Copy out every line of the data that has the word "part" somewhere in it.

◆ ◆ ◆ ◆ ◆

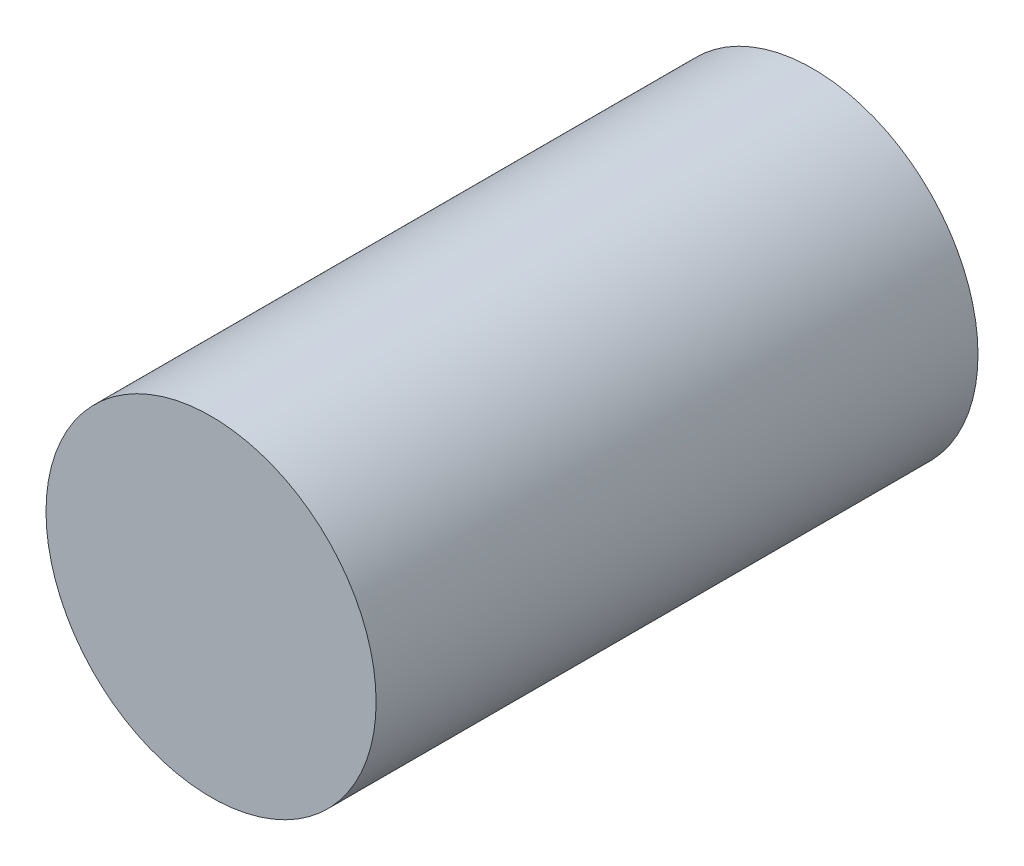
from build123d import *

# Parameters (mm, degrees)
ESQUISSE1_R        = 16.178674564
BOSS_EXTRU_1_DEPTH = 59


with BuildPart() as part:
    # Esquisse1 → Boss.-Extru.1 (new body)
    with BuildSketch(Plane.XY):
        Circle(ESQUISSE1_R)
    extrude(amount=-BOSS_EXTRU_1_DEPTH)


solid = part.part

◆ ◆ ◆ ◆ ◆

WORKED SOLUTION -
with BuildPart() as part:
solid = part.part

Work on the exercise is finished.